■ Exercise brief: Using the data below, return the stretch from the line that contains "(-30, 60, 60)" through the line that contains "line L1 (6.2592, -44.3072)", both included, exactly as it stands and nothing beyond it.

■ Task inputs:

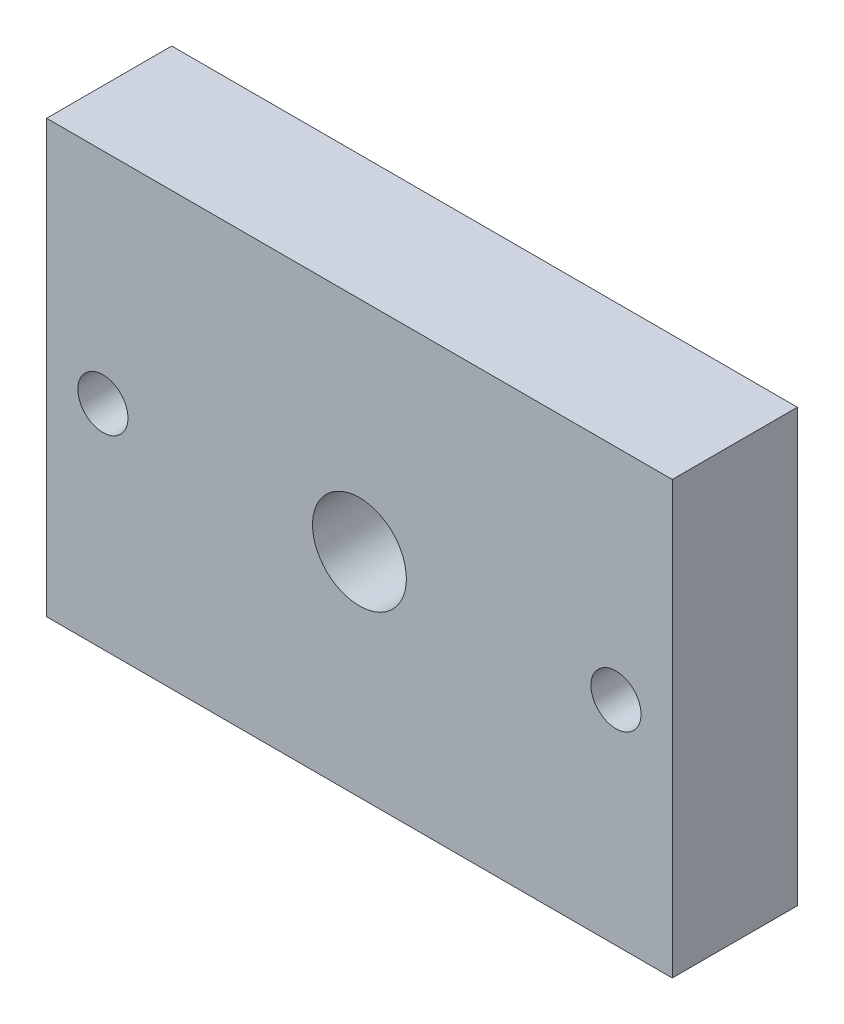
SolidWorks part; units mm, degrees
ref_plane "Płaszczyzna przednia" through (0, 0, 0) normal (0, 0, 1) x (1, 0, 0)
ref_plane "Płaszczyzna górna" through (0, 0, 0) normal (0, 1, 0) x (1, 0, 0)
ref_plane "Płaszczyzna prawa" through (0, 0, 0) normal (1, 0, 0) x (0, 0, -1)
sketch "Sketch1" plane through (0, 0, 0) normal (0, 0, 1) x (1, 0, 0)
  line L1 (-50, -35) -> (50, -35)
  line L2 (-50, -35) -> (-50, 35)
  line L3 (-50, 35) -> (50, 35)
  line L4 (50, -35) -> (50, 35)
  line L5 (-50, -35) -> (50, 35) construction
  line L6 (-50, 35) -> (50, -35) construction
  point P0 (0, 0)
  dimension "D1" = 100
  dimension "D2" = 70
extrude "Boss-Extrude1" add sketch "Sketch1" along normal blind 20
sketch "Sketch2" plane through (0, 0, 0) normal (0, 0, 1) x (1, 0, 0)
  line L0 (-50, 0) -> (50, 0) construction
  line L1 (-50, 35) -> (-50, -35) construction
  line L2 (50, -35) -> (50, 35) construction
  circle A0 centre (-41, 0) radius 4
  circle A1 centre (41, 0) radius 4
  dimension "D3" = 8
  dimension "D4" = 8
  dimension "D1" = 9
  dimension "D2" = 9
extrude "Cut-Extrude1" cut sketch "Sketch2" along normal through all both and the other way through all
sketch "Sketch3" plane through (0, 0, 20) normal (0, 0, 1) x (1, 0, 0)
  circle A0 centre (0, 0) radius 7.5
  dimension "D1" = 15
extrude "Cut-Extrude2" cut sketch "Sketch3" against normal blind 15
sketch "Sketch4" plane through (0, 0, 0) normal (0, 0, 1) x (1, 0, 0)
  line L0 (50, -35) -> (50, 35) construction
  line L1 (-50, -35) -> (50, -35)
  line L2 (-50, -35) -> (-50, -34)
  line L3 (-50, -34) -> (50, -34)
  line L4 (50, -35) -> (50, -34)
  dimension "D1" = 1
extrude "Cut-Extrude3" cut sketch "Sketch4" along normal through all both and the other way through all
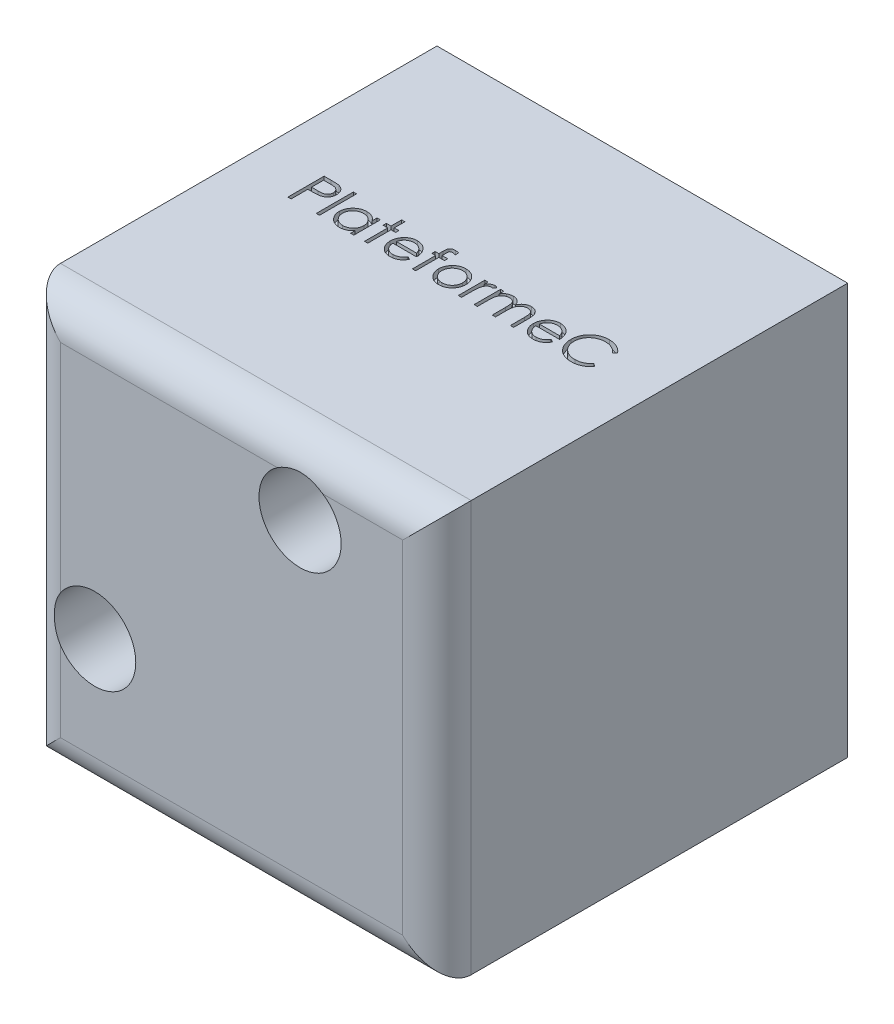
SolidWorks part; units mm, degrees
ref_plane "Plan de face" through (0, 0, 0) normal (0, 0, 1) x (1, 0, 0)
ref_plane "Plan de dessus" through (0, 0, 0) normal (0, 1, 0) x (1, 0, 0)
ref_plane "Plan de droite" through (0, 0, 0) normal (1, 0, 0) x (0, 0, -1)
sketch "Esquisse1" plane through (0, 0, 0) normal (0, 0, 1) x (1, 0, 0)
  line L1 (0, 0) -> (-60, 0)
  line L2 (0, 0) -> (0, 60)
  line L3 (0, 60) -> (-60, 60)
  line L4 (-60, 0) -> (-60, 60)
  dimension "D1" = 60
  dimension "D2" = 60
extrude "Boss.-Extru.1" add sketch "Esquisse1" along normal blind 60
sketch "Esquisse3" plane through (0, 0, 0) normal (0, 0, -1) x (-1, 0, 0)
  line L0 (60, 60) -> (60, 20)
  line L1 (60, 60) -> (60, 0) construction
  line L2 (60, 20) -> (58, 20)
  line L3 (58, 20) -> (58, 58)
  line L4 (58, 58) -> (20, 58)
  line L5 (20, 58) -> (20, 60)
  line L6 (0, 60) -> (60, 60) construction
  line L7 (20, 60) -> (60, 60)
  dimension "D1" = 40
  dimension "D2" = 40
  dimension "D3" = 2
  dimension "D4" = 2
extrude "Boss.-Extru.3" add sketch "Esquisse3" along normal blind 40
sketch "Esquisse6" plane through (-60, 0, 0) normal (-1, 0, 0) x (0, 0, 1)
  line L0 (30, 0) -> (30, 60) construction
  line L1 (60, 0) -> (0, 0) construction
  line L2 (60, 60) -> (-40, 60) construction
  text T0 "PING" font "Century Gothic" height in points 48
extrude "Enlèv. mat.-Extru.3" cut sketch "Esquisse6" against normal blind 1
sketch "Esquisse7" plane through (0, 60, 0) normal (0, 1, 0) x (1, 0, 0)
  line L0 (0, -30) -> (-60, -30) construction
  line L1 (0, -60) -> (0, 0) construction
  line L2 (-60, -60) -> (-60, 40) construction
  text T0 "PlateformeC" font "Century Gothic" height in points 20
extrude "Enlèv. mat.-Extru.4" cut sketch "Esquisse7" against normal blind 1
sketch "Esquisse8" plane through (-60, 0, 0) normal (-1, 0, 0) x (0, 0, 1)
  line L0 (-40, 20) -> (0, 60)
  line L1 (60, 60) -> (-40, 60) construction
  line L2 (0, 60) -> (-40, 60)
  line L3 (-40, 60) -> (-40, 20)
  dimension "D1" = 45
extrude "Enlèv. mat.-Extru.5" cut sketch "Esquisse8" against normal blind 2
sketch "Esquisse11" plane through (0, 60, 0) normal (0, 1, 0) x (1, 0, 0)
  line L0 (-20, 40) -> (-60, 0)
  line L1 (-60, 0) -> (-61.461, 41.461)
  line L2 (-61.461, 41.461) -> (-20, 40)
extrude "Enlèv. mat.-Extru.6" cut sketch "Esquisse11" against normal blind 2
fillet "Congé1" radius 5 4 edges at (-30, 0, 60) (0, 30, 60) (-60, 30, 60) (-30, 60, 60)
sketch "Esquisse13" plane through (0, 0, 60) normal (0, 0, 1) x (1, 0, 0)
  line L0 (-60, 60) -> (0, 60) construction
  line L1 (-60, 0) -> (-60, 60) construction
  circle A0 centre (-50, 20) radius 3
  circle A1 centre (-20, 50) radius 3
  dimension "D1" = 6
  dimension "D2" = 6
  dimension "D3" = 10
  dimension "D4" = 10
  dimension "D5" = 40
  dimension "D6" = 40
extrude "Enlèv. mat.-Extru.7" cut sketch "Esquisse13" against normal through all
sketch "Esquisse14" plane through (0, 0, 60) normal (0, 0, 1) x (1, 0, 0)
  circle A0 centre (-50, 20) radius 6
  circle A1 centre (-20, 50) radius 6
  dimension "D1" = 12
  dimension "D2" = 12
extrude "Enlèv. mat.-Extru.8" cut sketch "Esquisse14" against normal blind 54
sketch "Esquisse15" plane through (0, 0, 0) normal (0, -1, 0) x (1, 0, 0)
  line L1 (6.2592, -44.3072) -> (-60, -44.3072)
  line L2 (6.2592, -44.3072) -> (6.2592, 0)
  line L3 (6.2592, 0) -> (-60, 0)
  line L4 (-60, -44.3072) -> (-60, 0)
extrude "Enlèv. mat.-Extru.9" cut sketch "Esquisse15" against normal through all

■ Result:
fillet "Congé1" radius 5 4 edges at (-30, 0, 60) (0, 30, 60) (-60, 30, 60) (-30, 60, 60)
sketch "Esquisse13" plane through (0, 0, 60) normal (0, 0, 1) x (1, 0, 0)
  line L0 (-60, 60) -> (0, 60) construction
  line L1 (-60, 0) -> (-60, 60) construction
  circle A0 centre (-50, 20) radius 3
  circle A1 centre (-20, 50) radius 3
  dimension "D1" = 6
  dimension "D2" = 6
  dimension "D3" = 10
  dimension "D4" = 10
  dimension "D5" = 40
  dimension "D6" = 40
extrude "Enlèv. mat.-Extru.7" cut sketch "Esquisse13" against normal through all
sketch "Esquisse14" plane through (0, 0, 60) normal (0, 0, 1) x (1, 0, 0)
  circle A0 centre (-50, 20) radius 6
  circle A1 centre (-20, 50) radius 6
  dimension "D1" = 12
  dimension "D2" = 12
extrude "Enlèv. mat.-Extru.8" cut sketch "Esquisse14" against normal blind 54
sketch "Esquisse15" plane through (0, 0, 0) normal (0, -1, 0) x (1, 0, 0)
  line L1 (6.2592, -44.3072) -> (-60, -44.3072)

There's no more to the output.